Start of Block

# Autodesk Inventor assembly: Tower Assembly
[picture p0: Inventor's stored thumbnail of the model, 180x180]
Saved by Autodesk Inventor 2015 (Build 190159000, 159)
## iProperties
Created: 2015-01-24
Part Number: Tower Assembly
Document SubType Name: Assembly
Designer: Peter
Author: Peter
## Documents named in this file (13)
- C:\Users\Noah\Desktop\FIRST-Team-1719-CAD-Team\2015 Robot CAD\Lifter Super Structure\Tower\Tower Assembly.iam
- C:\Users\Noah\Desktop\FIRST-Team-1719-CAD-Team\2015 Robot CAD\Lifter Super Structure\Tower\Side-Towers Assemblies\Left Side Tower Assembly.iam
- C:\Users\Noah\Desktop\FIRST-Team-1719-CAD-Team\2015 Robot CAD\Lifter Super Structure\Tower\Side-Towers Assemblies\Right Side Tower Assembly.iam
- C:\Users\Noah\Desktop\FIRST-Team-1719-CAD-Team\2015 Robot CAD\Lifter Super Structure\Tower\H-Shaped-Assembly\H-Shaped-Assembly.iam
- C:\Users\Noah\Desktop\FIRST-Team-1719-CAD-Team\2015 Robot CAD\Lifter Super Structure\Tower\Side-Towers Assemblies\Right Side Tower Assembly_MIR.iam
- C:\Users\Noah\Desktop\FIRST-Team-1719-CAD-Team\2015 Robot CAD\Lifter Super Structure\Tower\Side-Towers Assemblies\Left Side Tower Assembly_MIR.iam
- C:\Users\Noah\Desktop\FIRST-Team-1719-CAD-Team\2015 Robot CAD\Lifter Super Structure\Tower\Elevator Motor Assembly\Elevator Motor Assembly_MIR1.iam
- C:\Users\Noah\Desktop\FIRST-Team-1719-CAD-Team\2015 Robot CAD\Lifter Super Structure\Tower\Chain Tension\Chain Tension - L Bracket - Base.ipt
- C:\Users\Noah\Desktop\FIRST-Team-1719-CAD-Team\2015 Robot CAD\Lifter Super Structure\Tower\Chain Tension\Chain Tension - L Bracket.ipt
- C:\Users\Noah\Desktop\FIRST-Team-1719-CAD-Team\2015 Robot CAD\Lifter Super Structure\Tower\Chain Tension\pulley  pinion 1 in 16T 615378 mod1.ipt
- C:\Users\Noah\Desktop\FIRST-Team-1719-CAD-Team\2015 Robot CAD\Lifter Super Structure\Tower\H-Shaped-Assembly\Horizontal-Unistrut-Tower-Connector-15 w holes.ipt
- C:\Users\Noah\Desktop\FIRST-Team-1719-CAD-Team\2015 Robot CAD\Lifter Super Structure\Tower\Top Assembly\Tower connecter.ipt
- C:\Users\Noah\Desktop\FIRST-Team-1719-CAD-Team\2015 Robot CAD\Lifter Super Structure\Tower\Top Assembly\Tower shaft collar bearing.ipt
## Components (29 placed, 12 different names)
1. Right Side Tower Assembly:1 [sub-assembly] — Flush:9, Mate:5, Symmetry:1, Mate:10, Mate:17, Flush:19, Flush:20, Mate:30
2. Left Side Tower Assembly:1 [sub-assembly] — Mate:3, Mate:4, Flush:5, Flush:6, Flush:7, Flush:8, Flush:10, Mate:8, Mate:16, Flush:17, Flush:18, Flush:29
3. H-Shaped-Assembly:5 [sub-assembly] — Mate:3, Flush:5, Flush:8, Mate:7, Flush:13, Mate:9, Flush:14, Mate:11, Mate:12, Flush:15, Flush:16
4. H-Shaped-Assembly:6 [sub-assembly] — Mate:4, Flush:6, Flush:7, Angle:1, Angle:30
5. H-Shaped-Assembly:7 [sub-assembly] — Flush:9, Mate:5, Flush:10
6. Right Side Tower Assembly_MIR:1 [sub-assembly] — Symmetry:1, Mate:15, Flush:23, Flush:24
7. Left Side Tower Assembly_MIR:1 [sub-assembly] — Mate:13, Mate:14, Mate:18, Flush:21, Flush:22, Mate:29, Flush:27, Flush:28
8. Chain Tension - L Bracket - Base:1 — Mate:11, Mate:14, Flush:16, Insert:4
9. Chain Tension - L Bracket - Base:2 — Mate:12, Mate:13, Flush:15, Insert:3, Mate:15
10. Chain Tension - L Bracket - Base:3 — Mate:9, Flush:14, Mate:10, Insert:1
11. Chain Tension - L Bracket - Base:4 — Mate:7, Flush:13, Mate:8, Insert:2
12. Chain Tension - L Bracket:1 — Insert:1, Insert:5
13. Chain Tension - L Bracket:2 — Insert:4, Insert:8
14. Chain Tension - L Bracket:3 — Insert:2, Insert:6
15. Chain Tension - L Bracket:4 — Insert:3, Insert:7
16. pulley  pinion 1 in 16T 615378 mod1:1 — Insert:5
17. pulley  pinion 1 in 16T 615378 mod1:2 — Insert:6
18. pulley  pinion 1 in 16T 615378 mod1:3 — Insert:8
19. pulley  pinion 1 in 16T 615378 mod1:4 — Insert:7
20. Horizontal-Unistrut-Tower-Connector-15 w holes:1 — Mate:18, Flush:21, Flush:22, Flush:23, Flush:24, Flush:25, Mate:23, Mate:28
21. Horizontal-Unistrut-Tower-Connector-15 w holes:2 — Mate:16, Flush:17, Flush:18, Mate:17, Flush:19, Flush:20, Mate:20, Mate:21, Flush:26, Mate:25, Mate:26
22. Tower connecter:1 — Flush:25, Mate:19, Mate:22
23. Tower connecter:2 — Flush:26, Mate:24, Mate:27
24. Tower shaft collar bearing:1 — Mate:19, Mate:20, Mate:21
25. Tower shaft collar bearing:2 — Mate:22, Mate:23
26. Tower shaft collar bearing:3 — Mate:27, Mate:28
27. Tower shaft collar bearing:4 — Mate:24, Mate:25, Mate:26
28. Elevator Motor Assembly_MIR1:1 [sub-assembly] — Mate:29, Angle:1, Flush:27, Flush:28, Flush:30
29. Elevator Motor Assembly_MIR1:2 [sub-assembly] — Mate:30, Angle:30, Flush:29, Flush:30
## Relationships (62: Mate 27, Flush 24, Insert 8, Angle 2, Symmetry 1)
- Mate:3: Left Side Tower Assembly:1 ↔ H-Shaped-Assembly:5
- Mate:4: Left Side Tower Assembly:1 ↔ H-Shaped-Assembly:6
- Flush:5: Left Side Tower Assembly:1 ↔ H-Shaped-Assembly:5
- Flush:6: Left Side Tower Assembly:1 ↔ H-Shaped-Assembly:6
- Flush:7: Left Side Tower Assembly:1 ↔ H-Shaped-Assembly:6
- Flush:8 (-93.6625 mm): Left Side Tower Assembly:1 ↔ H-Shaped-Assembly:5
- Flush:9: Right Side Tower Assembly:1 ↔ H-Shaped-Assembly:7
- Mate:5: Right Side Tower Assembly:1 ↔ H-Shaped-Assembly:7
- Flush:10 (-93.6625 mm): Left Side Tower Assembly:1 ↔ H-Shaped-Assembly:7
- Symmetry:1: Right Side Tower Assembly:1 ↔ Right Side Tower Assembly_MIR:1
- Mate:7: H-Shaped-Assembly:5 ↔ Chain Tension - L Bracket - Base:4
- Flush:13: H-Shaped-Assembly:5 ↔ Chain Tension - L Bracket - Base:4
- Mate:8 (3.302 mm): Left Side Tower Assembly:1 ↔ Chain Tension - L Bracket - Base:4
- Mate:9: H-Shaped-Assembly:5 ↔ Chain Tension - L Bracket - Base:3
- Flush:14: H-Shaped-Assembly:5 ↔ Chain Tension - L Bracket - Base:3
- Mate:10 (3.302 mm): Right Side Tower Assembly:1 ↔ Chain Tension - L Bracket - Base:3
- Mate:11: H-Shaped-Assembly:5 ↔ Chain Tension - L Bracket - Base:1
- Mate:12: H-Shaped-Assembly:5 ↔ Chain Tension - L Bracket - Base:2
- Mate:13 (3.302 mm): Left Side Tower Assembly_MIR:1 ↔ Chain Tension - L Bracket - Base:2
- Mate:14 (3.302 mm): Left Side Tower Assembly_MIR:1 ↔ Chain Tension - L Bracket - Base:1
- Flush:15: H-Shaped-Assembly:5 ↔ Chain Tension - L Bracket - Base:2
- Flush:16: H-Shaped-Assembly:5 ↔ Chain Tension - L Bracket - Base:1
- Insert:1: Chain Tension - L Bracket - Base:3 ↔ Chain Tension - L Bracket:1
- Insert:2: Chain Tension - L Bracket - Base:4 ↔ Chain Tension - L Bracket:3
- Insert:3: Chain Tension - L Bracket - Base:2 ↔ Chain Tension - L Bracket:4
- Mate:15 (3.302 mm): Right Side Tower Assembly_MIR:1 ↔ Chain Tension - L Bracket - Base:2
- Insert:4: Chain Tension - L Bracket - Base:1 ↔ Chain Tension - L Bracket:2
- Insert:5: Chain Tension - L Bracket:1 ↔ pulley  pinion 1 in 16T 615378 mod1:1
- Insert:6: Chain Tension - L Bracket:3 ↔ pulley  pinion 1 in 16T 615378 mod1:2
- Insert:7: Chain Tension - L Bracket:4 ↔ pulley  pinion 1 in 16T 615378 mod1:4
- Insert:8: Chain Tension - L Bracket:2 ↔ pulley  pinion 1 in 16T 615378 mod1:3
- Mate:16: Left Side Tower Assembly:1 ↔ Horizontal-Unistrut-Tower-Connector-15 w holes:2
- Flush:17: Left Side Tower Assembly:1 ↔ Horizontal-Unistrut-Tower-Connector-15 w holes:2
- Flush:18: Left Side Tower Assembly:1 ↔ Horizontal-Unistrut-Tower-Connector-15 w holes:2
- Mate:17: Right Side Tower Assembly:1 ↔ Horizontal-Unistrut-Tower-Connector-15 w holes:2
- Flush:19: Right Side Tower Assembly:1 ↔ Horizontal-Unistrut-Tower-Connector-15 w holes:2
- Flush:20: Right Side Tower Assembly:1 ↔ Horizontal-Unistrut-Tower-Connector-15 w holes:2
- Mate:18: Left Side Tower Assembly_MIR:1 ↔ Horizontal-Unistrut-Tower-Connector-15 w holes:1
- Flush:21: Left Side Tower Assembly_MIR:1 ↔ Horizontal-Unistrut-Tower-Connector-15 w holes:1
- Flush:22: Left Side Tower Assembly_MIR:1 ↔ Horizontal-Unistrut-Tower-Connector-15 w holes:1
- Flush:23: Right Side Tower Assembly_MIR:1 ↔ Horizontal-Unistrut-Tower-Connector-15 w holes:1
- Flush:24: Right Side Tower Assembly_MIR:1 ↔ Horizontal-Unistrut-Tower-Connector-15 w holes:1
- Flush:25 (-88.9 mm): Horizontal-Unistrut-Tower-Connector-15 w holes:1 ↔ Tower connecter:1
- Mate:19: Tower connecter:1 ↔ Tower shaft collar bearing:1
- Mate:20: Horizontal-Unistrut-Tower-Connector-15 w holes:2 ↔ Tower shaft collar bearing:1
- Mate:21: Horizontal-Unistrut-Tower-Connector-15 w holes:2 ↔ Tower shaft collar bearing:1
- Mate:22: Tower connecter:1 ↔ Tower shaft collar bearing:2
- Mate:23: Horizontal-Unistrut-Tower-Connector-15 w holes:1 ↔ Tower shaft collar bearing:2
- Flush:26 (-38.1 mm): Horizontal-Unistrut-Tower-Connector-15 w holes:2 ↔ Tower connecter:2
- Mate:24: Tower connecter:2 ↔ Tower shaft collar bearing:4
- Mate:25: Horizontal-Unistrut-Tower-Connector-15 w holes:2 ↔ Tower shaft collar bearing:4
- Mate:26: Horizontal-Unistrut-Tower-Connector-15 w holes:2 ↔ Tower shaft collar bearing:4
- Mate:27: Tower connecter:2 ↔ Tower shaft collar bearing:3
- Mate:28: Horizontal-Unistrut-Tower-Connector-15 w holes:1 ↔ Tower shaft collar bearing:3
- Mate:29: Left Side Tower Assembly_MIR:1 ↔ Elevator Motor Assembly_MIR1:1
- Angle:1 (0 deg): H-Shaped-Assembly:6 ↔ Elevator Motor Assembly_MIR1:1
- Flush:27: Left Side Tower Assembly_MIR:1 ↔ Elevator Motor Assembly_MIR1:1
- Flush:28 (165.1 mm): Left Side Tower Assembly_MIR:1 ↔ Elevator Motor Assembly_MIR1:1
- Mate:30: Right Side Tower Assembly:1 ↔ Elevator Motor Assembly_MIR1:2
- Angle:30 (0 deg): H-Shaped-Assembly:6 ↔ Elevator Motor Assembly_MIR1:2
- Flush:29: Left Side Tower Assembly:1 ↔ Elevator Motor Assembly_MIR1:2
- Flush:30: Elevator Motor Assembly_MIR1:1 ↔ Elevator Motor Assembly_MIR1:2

End of Block

> [WHAT YOU WILL DO] Using the data above, extract exactly the lines from the one that holds "- Mate:13 (3.302" to the one that holds "- Mate:16: Left", both ends included, and no others.

> [REPLY]
- Mate:13 (3.302 mm): Left Side Tower Assembly_MIR:1 ↔ Chain Tension - L Bracket - Base:2
- Mate:14 (3.302 mm): Left Side Tower Assembly_MIR:1 ↔ Chain Tension - L Bracket - Base:1
- Flush:15: H-Shaped-Assembly:5 ↔ Chain Tension - L Bracket - Base:2
- Flush:16: H-Shaped-Assembly:5 ↔ Chain Tension - L Bracket - Base:1
- Insert:1: Chain Tension - L Bracket - Base:3 ↔ Chain Tension - L Bracket:1
- Insert:2: Chain Tension - L Bracket - Base:4 ↔ Chain Tension - L Bracket:3
- Insert:3: Chain Tension - L Bracket - Base:2 ↔ Chain Tension - L Bracket:4
- Mate:15 (3.302 mm): Right Side Tower Assembly_MIR:1 ↔ Chain Tension - L Bracket - Base:2
- Insert:4: Chain Tension - L Bracket - Base:1 ↔ Chain Tension - L Bracket:2
- Insert:5: Chain Tension - L Bracket:1 ↔ pulley  pinion 1 in 16T 615378 mod1:1
- Insert:6: Chain Tension - L Bracket:3 ↔ pulley  pinion 1 in 16T 615378 mod1:2
- Insert:7: Chain Tension - L Bracket:4 ↔ pulley  pinion 1 in 16T 615378 mod1:4
- Insert:8: Chain Tension - L Bracket:2 ↔ pulley  pinion 1 in 16T 615378 mod1:3
- Mate:16: Left Side Tower Assembly:1 ↔ Horizontal-Unistrut-Tower-Connector-15 w holes:2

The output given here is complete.